From July through September, Chrysler's revenue rose 13.5 percent to $17.6 billion. (Scott Olson / Getty Images)
Chrysler Group LLC posted a net profit of $464 million for the third quarter Wednesday, an increase of 22 percent year-over-year, but acknowledged that trouble bringing the 2014 Jeep Cherokee to market had hurt the company’s cash position.
CEO Sergio Marchionne, who three months ago said a successful launch of the crossover was essential to meeting the company’s financial goals for the year, told reporters and analysts Wednesday that stronger sales of Ram pickups and Jeep Grand Cherokees and higher transaction prices kept Chrysler on track.
“We have had production in terms of the launch of the Cherokee, and the results of those difficulties are reflected in the quarter,” Marchionne said during a conference call with industry analysts and reporters. “But from an overall performance standpoint, I am quite happy with what we got done. Margins are up.”
As a result, Chrysler affirmed that it still expects to make between $1.7 billion and $2.2 billion this year and end 2013 with positive free cash flow of at least $1 billion.
That is good news for Chrysler’s parent company, Italy’s Fiat SpA, which is still struggling with weak demand at home and declining sales in Brazil, another key market for the automaker.
Fiat SpA posted a worse-than-expected trading profit of 816 million euros (about $1.1 billion) for the quarter. Analysts had expected Fiat to earn about 915 million euros (more than $1.2 billion) from July through September. And it would have done much worse, were it not for Chrysler. Without the Auburn Hills automaker, Fiat would have lost 247 million euros (about $339 million).

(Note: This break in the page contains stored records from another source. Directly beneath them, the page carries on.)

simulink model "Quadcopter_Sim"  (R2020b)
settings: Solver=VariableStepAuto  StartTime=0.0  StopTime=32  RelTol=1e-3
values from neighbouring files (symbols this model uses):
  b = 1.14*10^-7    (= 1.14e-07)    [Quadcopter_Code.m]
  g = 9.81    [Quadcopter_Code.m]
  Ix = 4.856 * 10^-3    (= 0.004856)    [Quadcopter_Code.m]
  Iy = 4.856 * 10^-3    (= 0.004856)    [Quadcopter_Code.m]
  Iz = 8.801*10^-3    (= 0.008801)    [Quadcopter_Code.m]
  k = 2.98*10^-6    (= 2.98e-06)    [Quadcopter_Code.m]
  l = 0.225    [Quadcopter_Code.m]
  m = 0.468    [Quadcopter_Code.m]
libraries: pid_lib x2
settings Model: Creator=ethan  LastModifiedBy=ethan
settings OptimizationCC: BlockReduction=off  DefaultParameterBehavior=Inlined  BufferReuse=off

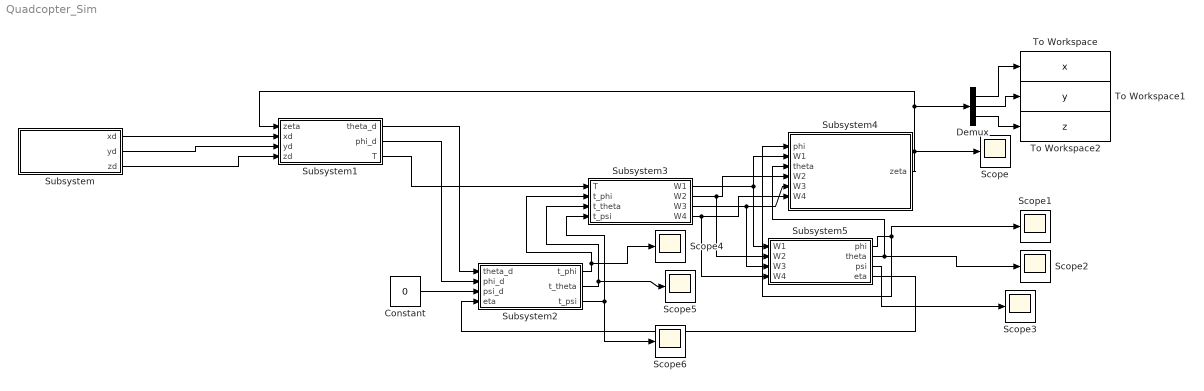
== system Quadcopter_Sim ==
  Constant : Constant  Value=0
  Demux : Demux  Outputs=3
  Scope{,1..6} (7 alike) : Scope
  Subsystem : Subsystem
  Subsystem1 : Subsystem
  Subsystem2 : Subsystem
  Subsystem3 : Subsystem
  Subsystem4 : Subsystem
  Subsystem5 : Subsystem
  To Workspace : ToWorkspace  VariableName=x  SaveFormat=Timeseries  SampleTime=-1
  To Workspace1 : ToWorkspace  VariableName=y  SaveFormat=Timeseries  SampleTime=-1
  To Workspace2 : ToWorkspace  VariableName=z  SaveFormat=Timeseries  SampleTime=-1
  wires:
  Subsystem/1(xd) -> Subsystem1/2(xd)
  Subsystem/2(yd) -> Subsystem1/3(yd)
  Subsystem/3(zd) -> Subsystem1/4(zd)
  Constant/1 -> Subsystem2/3(psi_d)
  Subsystem1/2(phi_d) -> Subsystem2/2(phi_d)
  Subsystem1/1(theta_d) -> Subsystem2/1(theta_d)
  Subsystem1/3(T) -> Subsystem3/1(T)
  Subsystem3/1(W1) -> Subsystem5/1(W1), Subsystem4/2(W1)
  Subsystem5/1(phi) -> Scope1/1, Subsystem4/1(phi)
  Subsystem4/1(zeta) -> Subsystem1/1(zeta), Demux/1, Scope/1
  Subsystem5/2(theta) -> Scope2/1, Subsystem4/3(theta)
  Subsystem5/3(psi) -> Scope3/1
  Subsystem5/4(eta) -> Subsystem2/4(eta)
  Subsystem2/1(t_phi) -> Scope4/1, Subsystem3/2(t_phi)
  Subsystem2/2(t_theta) -> Scope5/1, Subsystem3/3(t_theta)
  Subsystem2/3(t_psi) -> Subsystem3/4(t_psi), Scope6/1
  Subsystem3/2(W2) -> Subsystem5/2(W2), Subsystem4/4(W2)
  Subsystem3/3(W3) -> Subsystem4/5(W3), Subsystem5/3(W3)
  Subsystem3/4(W4) -> Subsystem5/4(W4), Subsystem4/6(W4)
  Demux/1 -> To Workspace/1
  Demux/2 -> To Workspace1/1
  Demux/3 -> To Workspace2/1

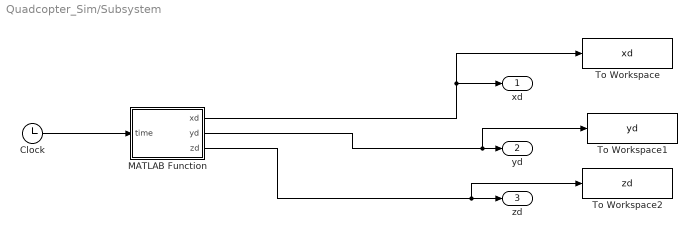
== system Quadcopter_Sim/Subsystem ==
  Clock : Clock
  MATLAB Function : MATLAB Function  TreatAsAtomicUnit=on
  To Workspace : ToWorkspace  VariableName=xd  SaveFormat=Timeseries  SampleTime=-1
  To Workspace1 : ToWorkspace  VariableName=yd  SaveFormat=Timeseries  SampleTime=-1
  To Workspace2 : ToWorkspace  VariableName=zd  SaveFormat=Timeseries  SampleTime=-1
  xd : Outport
  yd : Outport  Port=2
  zd : Outport  Port=3
  wires:
  MATLAB Function/1(xd) -> To Workspace/1, xd/1
  MATLAB Function/2(yd) -> To Workspace1/1, yd/1
  MATLAB Function/3(zd) -> To Workspace2/1, zd/1
  Clock/1 -> MATLAB Function/1(time)

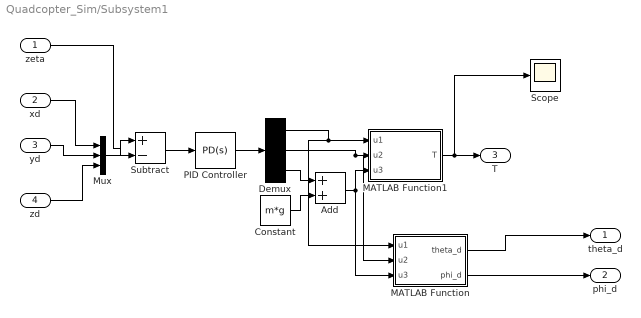
== system Quadcopter_Sim/Subsystem1 ==
  zeta : Inport
  xd : Inport  Port=2
  yd : Inport  Port=3
  zd : Inport  Port=4
  Add : Sum
  Constant : Constant  Value=m*g
  Demux : Demux  Outputs=3
  MATLAB Function : MATLAB Function  TreatAsAtomicUnit=on
  MATLAB Function1 : MATLAB Function  TreatAsAtomicUnit=on
  Mux : Mux  Inputs=3
  PID Controller : pid_lib/PID Controller  Controller=PD  Form=Parallel  TimeDomain=Continuous-time  UseExternalTs=off  SampleTime=-1  IntegratorMethod=Forward Euler  FilterMethod=Forward Euler  ControllerParametersSource=internal  P=4  I=0  D=2  UseFilter=on  N=100  TunerSelectOption=Transfer Function Based (PID Tuner App)  InitialConditionSource=internal  InitialConditionForIntegrator=0  InitialConditionForFilter=0  DifferentiatorICPrevScaledInput=0  ExternalReset=none  TrackingMode=off  Kt=1  LimitOutput=off  SatLimitsSource=internal  UpperSaturationLimit=inf  LowerSaturationLimit=-inf  LinearizeAsGain=on  AntiWindupMode=none  Kb=1  POutMin=[]  POutMax=[]  IOutMin=[]  IOutMax=[]  DOutMin=[]  DOutMax=[]  NOutMin=[]  NOutMax=[]  SumOutMin=[]  SumOutMax=[]  SaturationOutMin=[]  SaturationOutMax=[]  PParamMin=[]  PParamMax=[]  IParamMin=[]  IParamMax=[]  DParamMin=[]  DParamMax=[]  NParamMin=[]  NParamMax=[]  KbParamMin=[]  KbParamMax=[]  KtParamMin=[]  KtParamMax=[]  KbOutMin=[]  KbOutMax=[]  KtOutMin=[]  KtOutMax=[]  IntegratorOutMin=[]  IntegratorOutMax=[]  FilterOutMin=[]  FilterOutMax=[]  SumI1OutMin=[]  SumI1OutMax=[]  SumI2OutMin=[]  SumI2OutMax=[]  SumI3OutMin=[]  SumI3OutMax=[]  SumI4OutMin=[]  SumI4OutMax=[]  SumDOutMin=[]  SumDOutMax=[]  DifferentiatorOutMin=[]  DifferentiatorOutMax=[]  FilterDiffOutCoefMin=[]  FilterDiffOutCoefMax=[]  ReciprocalOutMin=[]  ReciprocalOutMax=[]  SumDenOutMin=[]  SumDenOutMax=[]  SumNumOutMin=[]  SumNumOutMax=[]  DivideOutMin=[]  DivideOutMax=[]  UdiffTsProdOutMin=[]  UdiffTsProdOutMax=[]  NTsProdOutMin=[]  NTsProdOutMax=[]  UintegralTsProdOutMin=[]  UintegralTsProdOutMax=[]  UngainTsProdOutMin=[]  UngainTsProdOutMax=[]  IntegratorContinuousStateAttributes=''  IntegratorStateMustResolveToSignalObject=off  IntegratorRTWStateStorageClass=Auto  FilterContinuousStateAttributes=''  FilterStateMustResolveToSignalObject=off  FilterRTWStateStorageClass=Auto  ParallelPVariant=InternalParameters  IdealPVariant=Disabled  IVariant=Disabled  DVariant=InternalParameters  IntegratorVariant=Disabled  SatVariant=Disabled  AWVariant=Disabled  PCopyVariant=Disabled  TRVariant=Disabled  FdbkBlocksVariant=Forward  IdealPFdbkVariant=Disabled  SatFdbkVariant=Disabled  DerivativeFilterVariant=ContFilter  NVariant=InternalParameters  NCopyVariant=Disabled  FilterICVariant=InternalICsFilter  IntegratorICVariant=Disabled  ExternalResetVariant=Disabled  TRSumVariant=Passthrough  SumFdbkVariant=Disabled  SumVariant=Sum_PD  TsampFilterVariant=InternalTs  TsampNgainVariant=Passthrough  TsampIntegralVariant=Disabled_SignalSpec  ExternalSaturationOutDataTypeStr=Inherit: Same as second input
  Scope : Scope
  Subtract : Sum  Inputs=+-
  theta_d : Outport
  phi_d : Outport  Port=2
  T : Outport  Port=3
  wires:
  xd/1 -> Mux/1
  yd/1 -> Mux/2
  zd/1 -> Mux/3
  zeta/1 -> Subtract/2
  Mux/1 -> Subtract/1
  Subtract/1 -> PID Controller/1
  PID Controller/1 -> Demux/1
  MATLAB Function/1(theta_d) -> theta_d/1
  MATLAB Function/2(phi_d) -> phi_d/1
  Demux/3 -> Add/1
  Add/1 -> MATLAB Function1/3(u3), MATLAB Function/3(u3)
  Demux/2 -> MATLAB Function/2(u2), MATLAB Function1/2(u2)
  Demux/1 -> MATLAB Function1/1(u1), MATLAB Function/1(u1)
  MATLAB Function1/1(T) -> Scope/1, T/1
  Constant/1 -> Add/2

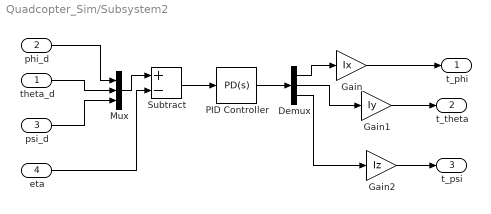
== system Quadcopter_Sim/Subsystem2 ==
  theta_d : Inport
  phi_d : Inport  Port=2
  psi_d : Inport  Port=3
  eta : Inport  Port=4
  Demux : Demux  Outputs=3
  Gain : Gain  Gain=Ix
  Gain1 : Gain  Gain=Iy
  Gain2 : Gain  Gain=Iz
  Mux : Mux  Inputs=3
  PID Controller : pid_lib/PID Controller  Controller=PD  Form=Parallel  TimeDomain=Continuous-time  UseExternalTs=off  SampleTime=-1  IntegratorMethod=Forward Euler  FilterMethod=Forward Euler  ControllerParametersSource=internal  P=1  I=0  D=3  UseFilter=on  N=100  TunerSelectOption=Transfer Function Based (PID Tuner App)  InitialConditionSource=internal  InitialConditionForIntegrator=0  InitialConditionForFilter=0  DifferentiatorICPrevScaledInput=0  ExternalReset=none  TrackingMode=off  Kt=1  LimitOutput=off  SatLimitsSource=internal  UpperSaturationLimit=inf  LowerSaturationLimit=-inf  LinearizeAsGain=on  AntiWindupMode=none  Kb=1  POutMin=[]  POutMax=[]  IOutMin=[]  IOutMax=[]  DOutMin=[]  DOutMax=[]  NOutMin=[]  NOutMax=[]  SumOutMin=[]  SumOutMax=[]  SaturationOutMin=[]  SaturationOutMax=[]  PParamMin=[]  PParamMax=[]  IParamMin=[]  IParamMax=[]  DParamMin=[]  DParamMax=[]  NParamMin=[]  NParamMax=[]  KbParamMin=[]  KbParamMax=[]  KtParamMin=[]  KtParamMax=[]  KbOutMin=[]  KbOutMax=[]  KtOutMin=[]  KtOutMax=[]  IntegratorOutMin=[]  IntegratorOutMax=[]  FilterOutMin=[]  FilterOutMax=[]  SumI1OutMin=[]  SumI1OutMax=[]  SumI2OutMin=[]  SumI2OutMax=[]  SumI3OutMin=[]  SumI3OutMax=[]  SumI4OutMin=[]  SumI4OutMax=[]  SumDOutMin=[]  SumDOutMax=[]  DifferentiatorOutMin=[]  DifferentiatorOutMax=[]  FilterDiffOutCoefMin=[]  FilterDiffOutCoefMax=[]  ReciprocalOutMin=[]  ReciprocalOutMax=[]  SumDenOutMin=[]  SumDenOutMax=[]  SumNumOutMin=[]  SumNumOutMax=[]  DivideOutMin=[]  DivideOutMax=[]  UdiffTsProdOutMin=[]  UdiffTsProdOutMax=[]  NTsProdOutMin=[]  NTsProdOutMax=[]  UintegralTsProdOutMin=[]  UintegralTsProdOutMax=[]  UngainTsProdOutMin=[]  UngainTsProdOutMax=[]  IntegratorContinuousStateAttributes=''  IntegratorStateMustResolveToSignalObject=off  IntegratorRTWStateStorageClass=Auto  FilterContinuousStateAttributes=''  FilterStateMustResolveToSignalObject=off  FilterRTWStateStorageClass=Auto  ParallelPVariant=InternalParameters  IdealPVariant=Disabled  IVariant=Disabled  DVariant=InternalParameters  IntegratorVariant=Disabled  SatVariant=Disabled  AWVariant=Disabled  PCopyVariant=Disabled  TRVariant=Disabled  FdbkBlocksVariant=Forward  IdealPFdbkVariant=Disabled  SatFdbkVariant=Disabled  DerivativeFilterVariant=ContFilter  NVariant=InternalParameters  NCopyVariant=Disabled  FilterICVariant=InternalICsFilter  IntegratorICVariant=Disabled  ExternalResetVariant=Disabled  TRSumVariant=Passthrough  SumFdbkVariant=Disabled  SumVariant=Sum_PD  TsampFilterVariant=InternalTs  TsampNgainVariant=Passthrough  TsampIntegralVariant=Disabled_SignalSpec  ExternalSaturationOutDataTypeStr=Inherit: Same as second input
  Subtract : Sum  Inputs=+-
  t_phi : Outport
  t_theta : Outport  Port=2
  t_psi : Outport  Port=3
  wires:
  phi_d/1 -> Mux/1
  theta_d/1 -> Mux/2
  psi_d/1 -> Mux/3
  Mux/1 -> Subtract/1
  eta/1 -> Subtract/2
  Subtract/1 -> PID Controller/1
  PID Controller/1 -> Demux/1
  Demux/1 -> Gain/1
  Gain/1 -> t_phi/1
  Gain1/1 -> t_theta/1
  Demux/2 -> Gain1/1
  Gain2/1 -> t_psi/1
  Demux/3 -> Gain2/1

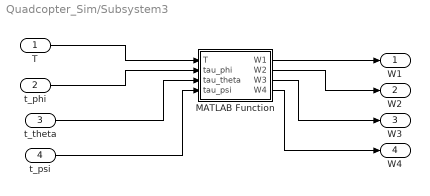
== system Quadcopter_Sim/Subsystem3 ==
  T : Inport
  t_phi : Inport  Port=2
  t_theta : Inport  Port=3
  t_psi : Inport  Port=4
  MATLAB Function : MATLAB Function  TreatAsAtomicUnit=on
  W1 : Outport
  W2 : Outport  Port=2
  W3 : Outport  Port=3
  W4 : Outport  Port=4
  wires:
  MATLAB Function/1(W1) -> W1/1
  T/1 -> MATLAB Function/1(T)
  t_phi/1 -> MATLAB Function/2(tau_phi)
  t_theta/1 -> MATLAB Function/3(tau_theta)
  t_psi/1 -> MATLAB Function/4(tau_psi)
  MATLAB Function/2(W2) -> W2/1
  MATLAB Function/3(W3) -> W3/1
  MATLAB Function/4(W4) -> W4/1

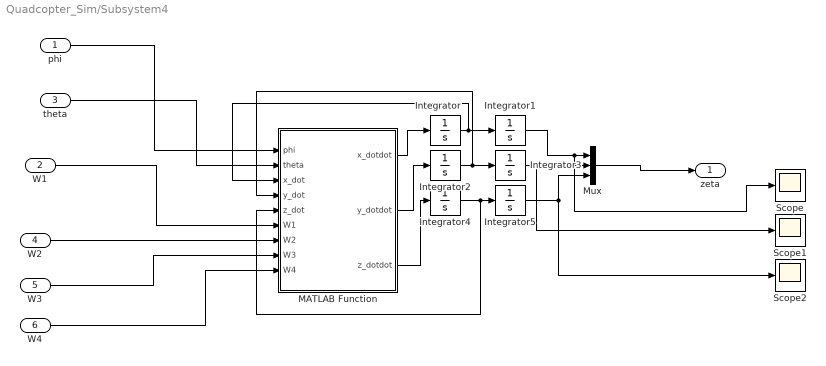
== system Quadcopter_Sim/Subsystem4 ==
  phi : Inport
  W1 : Inport  Port=2
  theta : Inport  Port=3
  W2 : Inport  Port=4
  W3 : Inport  Port=5
  W4 : Inport  Port=6
  Integrator{,1..4} (5 alike) : Integrator
  Integrator5 : Integrator  InitialCondition=3
  MATLAB Function : MATLAB Function  TreatAsAtomicUnit=on
  Mux : Mux  Inputs=3
  Scope : Scope
  Scope1 : Scope
  Scope2 : Scope
  zeta : Outport
  wires:
  W1/1 -> MATLAB Function/6(W1)
  MATLAB Function/1(x_dotdot) -> Integrator/1
  Integrator/1 -> Integrator1/1, MATLAB Function/3(x_dot)
  theta/1 -> MATLAB Function/2(theta)
  phi/1 -> MATLAB Function/1(phi)
  Mux/1 -> zeta/1
  Integrator1/1 -> Scope/1, Mux/1
  MATLAB Function/2(y_dotdot) -> Integrator2/1
  Integrator2/1 -> MATLAB Function/4(y_dot), Integrator3/1
  Integrator3/1 -> Scope1/1, Mux/2
  MATLAB Function/3(z_dotdot) -> Integrator4/1
  Integrator4/1 -> MATLAB Function/5(z_dot), Integrator5/1
  Integrator5/1 -> Scope2/1, Mux/3
  W2/1 -> MATLAB Function/7(W2)
  W3/1 -> MATLAB Function/8(W3)
  W4/1 -> MATLAB Function/9(W4)

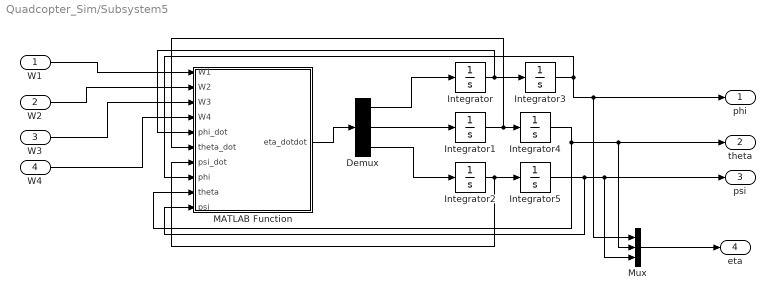
== system Quadcopter_Sim/Subsystem5 ==
  W1 : Inport
  W2 : Inport  Port=2
  W3 : Inport  Port=3
  W4 : Inport  Port=4
  Demux : Demux  Outputs=3
  Integrator{,1..5} (6 alike) : Integrator
  MATLAB Function : MATLAB Function  TreatAsAtomicUnit=on
  Mux : Mux  Inputs=3
  phi : Outport
  theta : Outport  Port=2
  psi : Outport  Port=3
  eta : Outport  Port=4
  wires:
  W1/1 -> MATLAB Function/1(W1)
  MATLAB Function/1(eta_dotdot) -> Demux/1
  Demux/1 -> Integrator/1
  Demux/2 -> Integrator1/1
  Demux/3 -> Integrator2/1
  Integrator/1 -> Integrator3/1, MATLAB Function/5(phi_dot)
  Integrator1/1 -> MATLAB Function/6(theta_dot), Integrator4/1
  Integrator2/1 -> Integrator5/1, MATLAB Function/7(psi_dot)
  Integrator3/1 -> Mux/1, phi/1, MATLAB Function/8(phi)
  Integrator4/1 -> Mux/2, theta/1, MATLAB Function/9(theta)
  Integrator5/1 -> Mux/3, psi/1, MATLAB Function/10(psi)
  Mux/1 -> eta/1
  W2/1 -> MATLAB Function/2(W2)
  W3/1 -> MATLAB Function/3(W3)
  W4/1 -> MATLAB Function/4(W4)

== matlab function Quadcopter_Sim/Subsystem1/MATLAB Function1 ==
  data: u1 input; T output; u2 input; u3 input
function T = fcn(u1, u2, u3)
T = sqrt(u1^2 + u2^2 + u3^2);
end

== matlab function Quadcopter_Sim/Subsystem1/MATLAB Function ==
  data: u1 input; theta_d output; phi_d output; u2 input; u3 input
function [theta_d, phi_d] = fcn(u1,u2,u3)
theta_d = atan(u1/(u3));
phi_d = atan((-u2*cos(theta_d))/(u3));
end

== matlab function Quadcopter_Sim/Subsystem3/MATLAB Function ==
  data: T input; W1 output; tau_phi input; tau_theta input; tau_psi input; W2 output; W3 output; W4 output
function [W1,W2,W3,W4] = fcn(T, tau_phi, tau_theta, tau_psi)
k = 2.98*10^-6;
b = 1.14*10^-7;
l = 0.225;

W1 = T/(4*k) - tau_theta/(2*k*l) - tau_psi/(4*b);
W2 = T/(4*k) - tau_phi/(2*k*l) + tau_psi/(4*b);
W3 = T/(4*k) + tau_theta/(2*k*l) - tau_psi/(4*b);
W4 = T/(4*k) + tau_phi/(2*k*l) + tau_psi/(4*b);
end

== matlab function Quadcopter_Sim/Subsystem5/MATLAB Function ==
  data: W1 input; W2 input; W3 input; W4 input; eta_dotdot output; phi_dot input; theta_dot input; psi_dot input; phi input; theta input; psi input; l parameter; k parameter; b parameter
function eta_dotdot  = fcn(W1, W2, W3, W4, phi_dot, theta_dot, psi_dot, phi, theta, psi, l, k, b)
k = 2.980000000000000e-06;
l = 0.225;
b = 1.14 * 10^-7;




Ix = 4.856*10^-3;
Iy = 4.856*10^-3;
Iz = 8.801*10^-3;

tau_phi = l * k * (-W2 + W4);
tau_theta = l* k* (-W1 + W3);
tau_psi = b * (-W1 +W2 -W3 + W4);

J = zeros(3,3);
C = zeros(3,3);

J(1,1) = Ix;
J(1,3) = -Ix * sin(theta);
J(2,2) = Iy*(cos(phi))^2+Iz*(sin(phi))^2;
J(2,3) = (Iy-Iz)*cos(phi)*sin(phi)*cos(theta);
J(3,1) = -Ix*sin(theta);
J(3,2) = (Iy-Iz)*cos(phi)*sin(phi)*cos(theta);
J(3,3) = Ix*(sin(theta))^2+Iy*(sin(phi))^2*(cos(theta))^2+Iz*cos(phi)^2*cos(theta)^2;

C(1,2) = (Iy-Iz)*(theta_dot*cos(phi)*sin(phi)+psi_dot*(sin(phi))^2*cos(theta))+...
    (Iz-Iy)*psi_dot*(cos(phi))^2*cos(theta)-Ix*psi_dot*cos(theta);
C(1,3) = (Iz-Iy)*psi_dot*cos(phi)*sin(phi)*(cos(theta))^2;
C(2,1) = (Iz-Iy)*(theta_dot*cos(phi)*sin(phi)+psi_dot*sin(phi)*cos(theta))+...
    (Iy-Iz)*psi_dot*(cos(phi))^2*cos(theta)+Ix*psi_dot*cos(theta);
C(2,2) = (Iz-Iy)*phi_dot*cos(phi)*sin(phi);
C(2,3) = -Iz*psi_dot*sin(theta)*cos(theta)+Iy*psi_dot*(sin(phi)^2*sin(theta)*cos(theta))+...
    Iz*psi_dot*(cos(phi))^2*sin(theta)*cos(theta);
C(3,1) = (Iy-Iz)*psi_dot*(cos(theta))^2*sin(phi)*cos(phi)-Ix*theta_dot*cos(theta);
C(3,2) = (Iz-Iy)*(theta_dot*cos(phi)*sin(phi)*sin(theta)+phi_dot*(sin(phi))^2*cos(theta))+...
    (Iy-Iz)*phi_dot*(cos(phi))^2*cos(theta)+Ix*psi_dot*sin(theta)*cos(theta)-...
    Iy*psi_dot*(sin(phi))^2*sin(theta)*cos(theta)-Iz*psi_dot*(cos(phi))^2*sin(theta)*cos(theta);
C(3,3) = (Iy-Iz)*phi_dot*cos(phi)*sin(phi)*(cos(theta))^2-Iy*theta_dot*(sin(phi))^2*cos(theta)*sin(theta)-...
    Iz*theta_dot*(cos(phi))^2*cos(theta)*sin(theta)+Ix*theta_dot*cos(theta)*sin(theta);

B = [tau_phi tau_theta tau_psi]';
N = [phi_dot theta_dot psi_dot]';

eta_dotdot = inv(J) * (B - C*N);
end

== matlab function Quadcopter_Sim/Subsystem4/MATLAB Function ==
  data: phi input; theta input; x_dotdot output; x_dot input; y_dot input; z_dot input; W1 input; y_dotdot output; z_dotdot output; W2 input; W3 input; W4 input
function [x_dotdot, y_dotdot, z_dotdot] = fcn(phi, theta, x_dot, y_dot, z_dot, W1, W2, W3, W4)
m = 0.468;
g = 9.81;
Ax = 0.25;
Ay = 0.25;
Az = 0.25;
k = 2.98*10^-6;

T = k*(W1+W2+W3+W4);

x_dotdot = T/m*cos(phi)*sin(theta) - Ax/m * x_dot;
y_dotdot = T/m * -sin(phi) - Ay/m * y_dot;
z_dotdot = T/m*cos(phi)*cos(theta) - g - Az/m * z_dot;
end

== matlab function Quadcopter_Sim/Subsystem/MATLAB Function ==
  data: time input; xd output; yd output; zd output
function [xd, yd, zd] = fcn(time)
if time <= 10
xd = time;
yd = 0;
zd = (time * 0.5) + 3;
elseif time <= 18 
xd = cos(time - 10) + 9;
yd = sin(time - 10);
zd = 8 + (time-10)*0.5;
else
xd = (cos(8)) + 9 - (time - 18);
yd = (sin(8));
zd = 12 - ((time-18)*9/14);
end

A year ago, Chrysler posted a third-quarter net profit of $381 million on sales of 556,000 vehicles. It ended 2012 with a full-year profit of almost $1.7 billion and posted a $507 million profit for the second quarter of 2013.
From July through September, Chrysler’s revenue rose 13.5 percent to $17.6 billion as sales increased 8 percent to 603,000.
The biggest boost came from trucks. Pickup sales have been strong in the United States, thanks in part to a rebound in the housing sector.
Ram sales rose 23 percent in the third quarter, and automotive research firm Kelley Blue Book said Chrysler made more on each truck it sold. Ram buyers paid an average of $36,724 per truck in the third quarter, more than 5.3 percent more than a year ago.
“Strength in the Jeep, Dodge and Ram brands were especially critical to Chrysler’s sales increase since the Chrysler and Fiat brands each saw a slight decline compared to sales in third quarter 2012,” said Alec Gutierrez, an analyst with automotive research firm Kelley Blue Book. “The crossover and truck segments have been red hot through most of 2013 and with no sign of momentum slowing in either of these segments.”
The Cherokee was supposed to ride this wave, and the company’s failure to get the vehicle into showrooms this summer probably cost Chrysler many sales, especially since production of the Jeep Liberty — the vehicle it was supposed to replace — ended last year. It was an expensive mistake, and one Marchionne said the company will not make again.
“We were actually just naked for the whole of 2013,” he said, calling the Cherokee launch “painful.”
Chrysler ended the quarter with $11.5 billion in cash, down $11.9 billion from both the previous quarter and the third quarter of 2012.
Available liquidity, including a $1.3 billion revolving credit facility, totaled $12.8 billion. Free cash flow for the quarter was negative $343 million.
The company acknowledged that figure was affected by delayed shipments of the Cherokee, which went into production in June but is only now arriving at dealerships because of problems calibrating its new nine-speed transmission.